My first thought is, “Shouldn’t there be some kind of auditing happening at the hospital?” I posed the question to a hospital information security professional (this person has no connection to the hospital in question), and I was told that the employee likely “was in a team that had horizontal access to records” and that it is “almost impossible, short of tagging a record as a VIP (think a movie star, politician) and daily reviewing who touches the record to catch this.” Spot checking by Joint Commission that should happen during audits (the hospital is Joint Commission accredited according to this website) didn’t find it either.

What also struck me was that it wasn’t even the hospital who found the issue:

In April of this year, a former patient expressed concern that someone may have accessed their electronic medical record inappropriately. A review conducted in response to this complaint revealed that one hospital employee appeared to have accessed the former patient’s records without a good reason to do so. This discovery led to a broader review of the employee’s use of the electronic medical records system at Tewksbury Hospital. As a result of this review, we were able to determine that the employee appeared to have inappropriately accessed the records of a number of current and former Tewksbury Hospital patients.

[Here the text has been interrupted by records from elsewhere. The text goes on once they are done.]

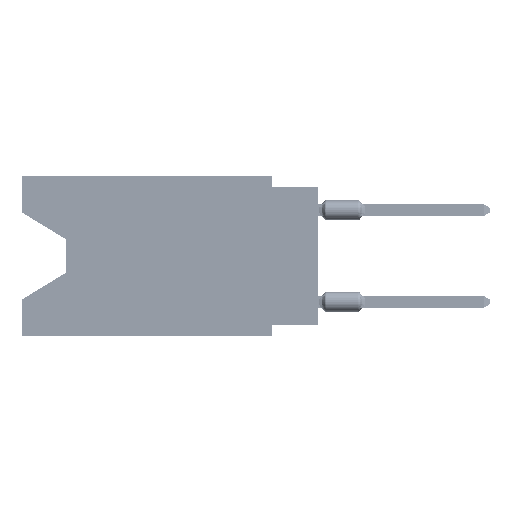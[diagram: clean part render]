
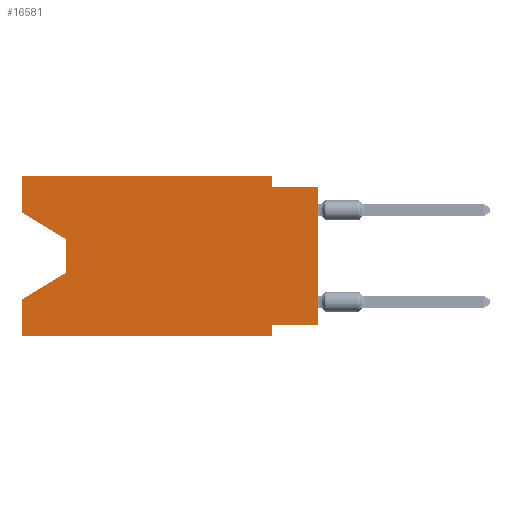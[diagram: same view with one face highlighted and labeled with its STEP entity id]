
A CAD part, left-side view. The second image highlights one B-rep face of the part: STEP entity #16581.
In plain terms, the highlighted planar face has unit normal (-1, 0, 0).
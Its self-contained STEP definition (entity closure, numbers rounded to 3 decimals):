
#977 = LINE ( 'NONE', #69081, #63498 ) ;
#1184 = DIRECTION ( 'NONE',  ( 1., 0., 0. ) ) ;
#2646 = LINE ( 'NONE', #19577, #52849 ) ;
#2842 = LINE ( 'NONE', #35026, #35511 ) ;
#4998 = CARTESIAN_POINT ( 'NONE',  ( 0., 16.383, -2.038 ) ) ;
#6164 = CARTESIAN_POINT ( 'NONE',  ( 0., 16.383, 0. ) ) ;
#6646 = CARTESIAN_POINT ( 'NONE',  ( 0., 2.54, -8.89 ) ) ;
#7398 = LINE ( 'NONE', #33389, #79164 ) ;
#8217 = DIRECTION ( 'NONE',  ( 0., 0., 1. ) ) ;
#8282 = CARTESIAN_POINT ( 'NONE',  ( 0., 0., -0.635 ) ) ;
#8502 = ORIENTED_EDGE ( 'NONE', *, *, #45024, .F. ) ;
#10088 = EDGE_CURVE ( 'NONE', #30054, #41250, #7398, .T. ) ;
#10611 = VECTOR ( 'NONE', #31564, 1000. ) ;
#12176 = LINE ( 'NONE', #55936, #10611 ) ;
#13295 = EDGE_LOOP ( 'NONE', ( #67364, #78638, #41492, #60305, #72168, #36052, #28217, #54335, #74799, #76945, #21326, #8502 ) ) ;
#13327 = CARTESIAN_POINT ( 'NONE',  ( 0., 13.97, -3.505 ) ) ;
#14803 = LINE ( 'NONE', #34190, #67124 ) ;
#16581 = ADVANCED_FACE ( 'NONE', ( #63082 ), #76700, .F. ) ;
#18514 = VECTOR ( 'NONE', #24571, 1000. ) ;
#18937 = DIRECTION ( 'NONE',  ( 0., 0., -1. ) ) ;
#19140 = VERTEX_POINT ( 'NONE', #23720 ) ;
#19577 = CARTESIAN_POINT ( 'NONE',  ( 0., 16.383, -8.89 ) ) ;
#19997 = DIRECTION ( 'NONE',  ( 0., -1., 0. ) ) ;
#21326 = ORIENTED_EDGE ( 'NONE', *, *, #41780, .F. ) ;
#21406 = VECTOR ( 'NONE', #29760, 1000. ) ;
#22661 = VECTOR ( 'NONE', #63951, 1000. ) ;
#23720 = CARTESIAN_POINT ( 'NONE',  ( 0., 0., -8.255 ) ) ;
#23770 = LINE ( 'NONE', #74112, #18514 ) ;
#24571 = DIRECTION ( 'NONE',  ( 0., -1., 0. ) ) ;
#26018 = EDGE_CURVE ( 'NONE', #19140, #36014, #78706, .T. ) ;
#26563 = DIRECTION ( 'NONE',  ( 0., -0.855, -0.519 ) ) ;
#28170 = CARTESIAN_POINT ( 'NONE',  ( 0., 13.97, -5.385 ) ) ;
#28217 = ORIENTED_EDGE ( 'NONE', *, *, #81233, .F. ) ;
#28785 = VERTEX_POINT ( 'NONE', #13327 ) ;
#29760 = DIRECTION ( 'NONE',  ( 0., 0., -1. ) ) ;
#30054 = VERTEX_POINT ( 'NONE', #28170 ) ;
#31564 = DIRECTION ( 'NONE',  ( 0., 1., 0. ) ) ;
#32216 = EDGE_CURVE ( 'NONE', #49533, #36014, #64793, .T. ) ;
#33389 = CARTESIAN_POINT ( 'NONE',  ( 0., 13.97, -5.385 ) ) ;
#33419 = LINE ( 'NONE', #70568, #22661 ) ;
#34190 = CARTESIAN_POINT ( 'NONE',  ( 0., 13.97, -3.505 ) ) ;
#34315 = LINE ( 'NONE', #59483, #21406 ) ;
#34951 = CARTESIAN_POINT ( 'NONE',  ( 0., 2.54, -0.635 ) ) ;
#35026 = CARTESIAN_POINT ( 'NONE',  ( 0., 16.383, 0. ) ) ;
#35511 = VECTOR ( 'NONE', #8217, 1000. ) ;
#35779 = CARTESIAN_POINT ( 'NONE',  ( 0., 16.383, -8.89 ) ) ;
#36014 = VERTEX_POINT ( 'NONE', #70891 ) ;
#36052 = ORIENTED_EDGE ( 'NONE', *, *, #76008, .F. ) ;
#39391 = CARTESIAN_POINT ( 'NONE',  ( 0., 2.54, 0. ) ) ;
#39946 = CARTESIAN_POINT ( 'NONE',  ( 0., 16.383, 0. ) ) ;
#40387 = VECTOR ( 'NONE', #66023, 1000. ) ;
#41250 = VERTEX_POINT ( 'NONE', #63147 ) ;
#41492 = ORIENTED_EDGE ( 'NONE', *, *, #10088, .T. ) ;
#41780 = EDGE_CURVE ( 'NONE', #53805, #72554, #23770, .T. ) ;
#42380 = VECTOR ( 'NONE', #73750, 1000. ) ;
#44546 = VERTEX_POINT ( 'NONE', #35779 ) ;
#45024 = EDGE_CURVE ( 'NONE', #73292, #53805, #33419, .T. ) ;
#45298 = CARTESIAN_POINT ( 'NONE',  ( 0., 2.54, -8.255 ) ) ;
#46998 = DIRECTION ( 'NONE',  ( 0., 0., -1. ) ) ;
#48366 = LINE ( 'NONE', #66929, #51587 ) ;
#49533 = VERTEX_POINT ( 'NONE', #34951 ) ;
#51587 = VECTOR ( 'NONE', #60335, 1000. ) ;
#52587 = EDGE_CURVE ( 'NONE', #28785, #30054, #14803, .T. ) ;
#52594 = EDGE_CURVE ( 'NONE', #44546, #41250, #2842, .T. ) ;
#52849 = VECTOR ( 'NONE', #19997, 1000. ) ;
#53805 = VERTEX_POINT ( 'NONE', #39946 ) ;
#54335 = ORIENTED_EDGE ( 'NONE', *, *, #26018, .T. ) ;
#54431 = VERTEX_POINT ( 'NONE', #6646 ) ;
#55741 = EDGE_CURVE ( 'NONE', #73292, #28785, #977, .T. ) ;
#55936 = CARTESIAN_POINT ( 'NONE',  ( 0., 0., -8.255 ) ) ;
#58029 = EDGE_CURVE ( 'NONE', #72554, #49533, #34315, .T. ) ;
#59483 = CARTESIAN_POINT ( 'NONE',  ( 0., 2.54, 0. ) ) ;
#60305 = ORIENTED_EDGE ( 'NONE', *, *, #52594, .F. ) ;
#60335 = DIRECTION ( 'NONE',  ( 0., 0., -1. ) ) ;
#63082 = FACE_OUTER_BOUND ( 'NONE', #13295, .T. ) ;
#63147 = CARTESIAN_POINT ( 'NONE',  ( 0., 16.383, -6.852 ) ) ;
#63498 = VECTOR ( 'NONE', #26563, 1000. ) ;
#63951 = DIRECTION ( 'NONE',  ( 0., 0., 1. ) ) ;
#64793 = LINE ( 'NONE', #8282, #40387 ) ;
#66023 = DIRECTION ( 'NONE',  ( 0., -1., 0. ) ) ;
#66929 = CARTESIAN_POINT ( 'NONE',  ( 0., 2.54, -8.89 ) ) ;
#67124 = VECTOR ( 'NONE', #46998, 1000. ) ;
#67137 = CARTESIAN_POINT ( 'NONE',  ( 0., 0., 0. ) ) ;
#67364 = ORIENTED_EDGE ( 'NONE', *, *, #55741, .T. ) ;
#69081 = CARTESIAN_POINT ( 'NONE',  ( 0., 16.383, -2.038 ) ) ;
#69314 = DIRECTION ( 'NONE',  ( 0., 0.855, -0.519 ) ) ;
#70568 = CARTESIAN_POINT ( 'NONE',  ( 0., 16.383, 0. ) ) ;
#70891 = CARTESIAN_POINT ( 'NONE',  ( 0., 0., -0.635 ) ) ;
#72168 = ORIENTED_EDGE ( 'NONE', *, *, #81404, .T. ) ;
#72554 = VERTEX_POINT ( 'NONE', #39391 ) ;
#73292 = VERTEX_POINT ( 'NONE', #4998 ) ;
#73750 = DIRECTION ( 'NONE',  ( 0., 0., 1. ) ) ;
#74112 = CARTESIAN_POINT ( 'NONE',  ( 0., 16.383, 0. ) ) ;
#74799 = ORIENTED_EDGE ( 'NONE', *, *, #32216, .F. ) ;
#75071 = VERTEX_POINT ( 'NONE', #45298 ) ;
#76008 = EDGE_CURVE ( 'NONE', #75071, #54431, #48366, .T. ) ;
#76700 = PLANE ( 'NONE',  #78376 ) ;
#76945 = ORIENTED_EDGE ( 'NONE', *, *, #58029, .F. ) ;
#78376 = AXIS2_PLACEMENT_3D ( 'NONE', #6164, #1184, #18937 ) ;
#78638 = ORIENTED_EDGE ( 'NONE', *, *, #52587, .T. ) ;
#78706 = LINE ( 'NONE', #67137, #42380 ) ;
#79164 = VECTOR ( 'NONE', #69314, 1000. ) ;
#81233 = EDGE_CURVE ( 'NONE', #19140, #75071, #12176, .T. ) ;
#81404 = EDGE_CURVE ( 'NONE', #44546, #54431, #2646, .T. ) ;

So how did the patient know or even suspect something funny was happening? Was there some activity in the electronic medical record that was visible to the patient? I asked the same information security professional as above for some thoughts on this point. Here’s the reply: “I suspect they occasionally snooped on people in the hospital. Not for profit but because they were nosy. And they talked to somebody about the procedure the person who reported this had and they were upset and tracked it down.” That seems plausible to me. I have had a couple of stints in healthcare as an IT professional, and I have seen first hand how gossipy people can get about patients (plus I am binge-watching past episodes of Grey’s Anatomy with my wife, so I know all about how hospitals operate).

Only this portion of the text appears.